RV: Three measures of the correlations between sets of variables

Description

How to measure the the correlation between two clusters or groups of variables x and y from the same data set is a recurring problem. Perhaps the most obvious is simply the unweighted correlation Ru.

Consider the matrix M composed of four submatrices

RxRxy
M =RxyRy

The unit weighted correlation, Ru is merely

\(Ru =\frac{\Sigma{r_{xy}}}{\sqrt{\Sigma{r_x}\Sigma{r_y}} }\)

A second is the Set correlation (also found in lmCor) by Cohen 1982) which is
\(Rset = 1- \frac{det(m)}{det(x)* det(y)}\)
Where m is the full matrix (x+y)by (x+y). and det represents the determinant.

A third approach (the RV coeffiecent) was introduced by Escoufier (1970) and Robert and Escoufier (1976).
\(RV = \frac{tr(xy (xy)')}{\sqrt{(tr(x x') * tr(y y'))}}\).

Where tr is the trace operator. (The sum of the diagonals).

The analysis can be done from the raw data or from correlation or covariance matrices. From the raw data, just specify the x and y variables. If using correlation/covariance matrixes, the xy matrix must be specified as well.

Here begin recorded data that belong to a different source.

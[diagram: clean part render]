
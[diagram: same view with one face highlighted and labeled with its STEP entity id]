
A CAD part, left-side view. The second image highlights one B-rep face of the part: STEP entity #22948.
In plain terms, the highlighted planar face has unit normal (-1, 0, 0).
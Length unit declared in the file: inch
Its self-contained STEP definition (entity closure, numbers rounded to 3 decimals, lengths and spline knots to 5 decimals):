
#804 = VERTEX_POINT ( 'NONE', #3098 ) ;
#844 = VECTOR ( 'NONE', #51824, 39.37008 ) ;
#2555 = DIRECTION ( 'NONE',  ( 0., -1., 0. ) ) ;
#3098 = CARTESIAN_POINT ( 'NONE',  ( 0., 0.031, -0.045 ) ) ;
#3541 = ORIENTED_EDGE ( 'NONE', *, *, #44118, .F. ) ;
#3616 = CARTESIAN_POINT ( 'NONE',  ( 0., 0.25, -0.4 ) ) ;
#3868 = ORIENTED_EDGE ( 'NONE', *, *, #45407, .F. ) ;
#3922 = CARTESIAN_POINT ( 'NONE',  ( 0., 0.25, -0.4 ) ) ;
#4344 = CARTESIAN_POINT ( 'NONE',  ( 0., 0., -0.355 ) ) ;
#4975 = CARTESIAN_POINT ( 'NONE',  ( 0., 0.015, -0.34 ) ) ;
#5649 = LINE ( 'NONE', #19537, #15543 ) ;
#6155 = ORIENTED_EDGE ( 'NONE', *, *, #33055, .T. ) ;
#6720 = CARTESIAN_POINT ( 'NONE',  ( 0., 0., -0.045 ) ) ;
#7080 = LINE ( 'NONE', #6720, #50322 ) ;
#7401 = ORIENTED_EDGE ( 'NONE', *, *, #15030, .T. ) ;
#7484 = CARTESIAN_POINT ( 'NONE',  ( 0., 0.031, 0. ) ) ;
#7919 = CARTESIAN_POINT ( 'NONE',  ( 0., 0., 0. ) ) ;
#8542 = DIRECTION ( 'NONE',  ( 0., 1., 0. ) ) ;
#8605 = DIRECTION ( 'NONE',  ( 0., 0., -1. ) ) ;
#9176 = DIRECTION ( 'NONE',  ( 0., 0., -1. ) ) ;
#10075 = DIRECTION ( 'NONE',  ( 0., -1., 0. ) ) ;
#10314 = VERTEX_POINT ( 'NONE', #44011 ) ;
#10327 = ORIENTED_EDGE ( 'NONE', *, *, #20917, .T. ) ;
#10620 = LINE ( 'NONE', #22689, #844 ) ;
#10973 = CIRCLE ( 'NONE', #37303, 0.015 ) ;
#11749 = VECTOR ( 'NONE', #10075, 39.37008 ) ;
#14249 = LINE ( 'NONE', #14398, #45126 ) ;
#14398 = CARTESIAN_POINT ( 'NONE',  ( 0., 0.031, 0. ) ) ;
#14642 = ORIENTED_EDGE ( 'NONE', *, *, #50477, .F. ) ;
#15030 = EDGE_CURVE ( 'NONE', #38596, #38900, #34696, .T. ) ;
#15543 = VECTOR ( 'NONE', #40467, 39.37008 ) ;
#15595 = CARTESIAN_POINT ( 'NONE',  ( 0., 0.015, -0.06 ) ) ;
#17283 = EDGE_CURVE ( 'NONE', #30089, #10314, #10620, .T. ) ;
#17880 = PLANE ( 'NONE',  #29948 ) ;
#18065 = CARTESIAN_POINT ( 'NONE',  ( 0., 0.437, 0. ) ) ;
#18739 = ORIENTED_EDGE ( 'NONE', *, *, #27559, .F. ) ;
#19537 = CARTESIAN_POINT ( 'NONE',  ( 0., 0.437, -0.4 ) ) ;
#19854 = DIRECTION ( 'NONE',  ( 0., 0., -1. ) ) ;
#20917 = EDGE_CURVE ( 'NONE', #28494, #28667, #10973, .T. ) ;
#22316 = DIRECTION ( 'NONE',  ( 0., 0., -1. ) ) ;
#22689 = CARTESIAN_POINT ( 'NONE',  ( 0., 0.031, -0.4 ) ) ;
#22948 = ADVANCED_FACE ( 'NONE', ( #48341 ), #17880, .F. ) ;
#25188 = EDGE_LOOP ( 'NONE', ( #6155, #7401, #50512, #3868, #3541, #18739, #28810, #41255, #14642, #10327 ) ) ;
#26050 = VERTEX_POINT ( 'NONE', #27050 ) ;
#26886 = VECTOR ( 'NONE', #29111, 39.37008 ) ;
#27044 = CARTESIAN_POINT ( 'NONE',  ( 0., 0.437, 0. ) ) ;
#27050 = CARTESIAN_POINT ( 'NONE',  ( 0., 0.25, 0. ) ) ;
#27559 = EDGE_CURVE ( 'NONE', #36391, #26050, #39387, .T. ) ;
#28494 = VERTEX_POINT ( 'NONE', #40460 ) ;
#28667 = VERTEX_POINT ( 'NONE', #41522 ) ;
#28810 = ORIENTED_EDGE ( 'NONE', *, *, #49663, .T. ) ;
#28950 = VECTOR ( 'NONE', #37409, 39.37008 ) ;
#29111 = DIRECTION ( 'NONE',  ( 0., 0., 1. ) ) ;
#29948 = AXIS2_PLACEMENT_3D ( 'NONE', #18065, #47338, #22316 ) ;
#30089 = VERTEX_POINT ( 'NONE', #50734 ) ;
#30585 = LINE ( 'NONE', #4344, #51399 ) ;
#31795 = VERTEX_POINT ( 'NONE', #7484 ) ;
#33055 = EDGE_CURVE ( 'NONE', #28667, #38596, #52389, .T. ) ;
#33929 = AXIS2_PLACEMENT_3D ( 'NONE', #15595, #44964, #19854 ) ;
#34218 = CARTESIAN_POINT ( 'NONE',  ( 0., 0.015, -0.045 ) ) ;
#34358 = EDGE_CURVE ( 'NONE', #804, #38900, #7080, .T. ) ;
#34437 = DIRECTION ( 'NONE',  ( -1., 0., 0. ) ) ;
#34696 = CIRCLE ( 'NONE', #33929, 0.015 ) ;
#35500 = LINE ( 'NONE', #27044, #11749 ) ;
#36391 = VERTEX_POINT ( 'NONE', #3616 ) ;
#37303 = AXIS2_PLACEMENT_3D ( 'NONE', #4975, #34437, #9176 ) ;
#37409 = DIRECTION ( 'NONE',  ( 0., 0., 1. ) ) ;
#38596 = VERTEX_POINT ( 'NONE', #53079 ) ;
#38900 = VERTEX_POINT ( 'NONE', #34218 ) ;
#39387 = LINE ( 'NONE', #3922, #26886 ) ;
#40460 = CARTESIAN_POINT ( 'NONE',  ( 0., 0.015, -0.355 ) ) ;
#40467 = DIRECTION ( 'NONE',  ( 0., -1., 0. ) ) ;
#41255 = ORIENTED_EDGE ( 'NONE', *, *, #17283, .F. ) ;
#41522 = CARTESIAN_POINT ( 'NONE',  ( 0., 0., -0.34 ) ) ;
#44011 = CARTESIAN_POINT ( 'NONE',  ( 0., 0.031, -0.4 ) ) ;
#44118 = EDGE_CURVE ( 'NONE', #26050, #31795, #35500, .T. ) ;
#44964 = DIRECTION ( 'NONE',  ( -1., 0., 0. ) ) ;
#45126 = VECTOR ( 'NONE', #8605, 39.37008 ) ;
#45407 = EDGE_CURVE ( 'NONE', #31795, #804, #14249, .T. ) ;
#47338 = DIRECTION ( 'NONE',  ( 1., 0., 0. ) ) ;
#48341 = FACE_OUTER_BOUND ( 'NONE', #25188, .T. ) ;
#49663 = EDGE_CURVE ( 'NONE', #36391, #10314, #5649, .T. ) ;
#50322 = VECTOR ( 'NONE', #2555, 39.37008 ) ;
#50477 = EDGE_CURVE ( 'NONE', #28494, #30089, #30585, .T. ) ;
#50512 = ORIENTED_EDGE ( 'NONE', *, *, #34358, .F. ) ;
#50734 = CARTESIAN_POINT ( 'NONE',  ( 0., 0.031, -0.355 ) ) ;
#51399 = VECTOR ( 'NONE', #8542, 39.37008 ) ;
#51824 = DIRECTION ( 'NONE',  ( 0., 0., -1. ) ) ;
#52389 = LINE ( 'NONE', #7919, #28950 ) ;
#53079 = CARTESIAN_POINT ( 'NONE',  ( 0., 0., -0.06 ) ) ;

If using raw data, just specify the x and y columns and the data file.

Usage

RV(x, y, xy = NULL, data=NULL, cor = "cor",correct=0)

Value

RV

The RV statistic

Rset

Cohen's set correlation

Ru

The unit weighted correlation between x and y.

Rx

The correlation matrix of the x variables.

Ry

The correlation matrix of the y variables.

Rxy

The intercorrelations of x and y.

Arguments

x

Columns of the data matrix of n rows and p columns, (if data is specified) or a p x p correlation matrix.

y

Columns of a raw data matrix of n rows and q columns, or a q * q correlation matrix.

xy

A p x q correlation or covariance matrix, if not using the raw data.

data

A matrix or data frame containing the raw data.

cor

If xy is NULL, find the p x p correlations or covariances from x, and the q x q correlations from y as well as the p x q covariance/correlation matrix.. Options are "cor" (for Pearson), "spearman" , "cov" for covariances, "tet" for tetrachoric, or "poly" for polychoric correlation.

correct

The correction for continuity if desired.

Author

William Revelle

Details

If using raw data, just specify the columns in x and y. If using a correlation matrix or covariance matrix, the inter corrlations/covariances) are specified in xy. The results match those of the RV function from matrixCalculations and the coeffRV function from factoMineR.

References

P. Robert and Y. Escoufier, 1976, A Unifying Tool for Linear Multivariate Statistical Methods: The RV- Coefficient. Journal of the Royal Statistical Society. Series C (Applied Statistics), Volume 25, pp. 257-265.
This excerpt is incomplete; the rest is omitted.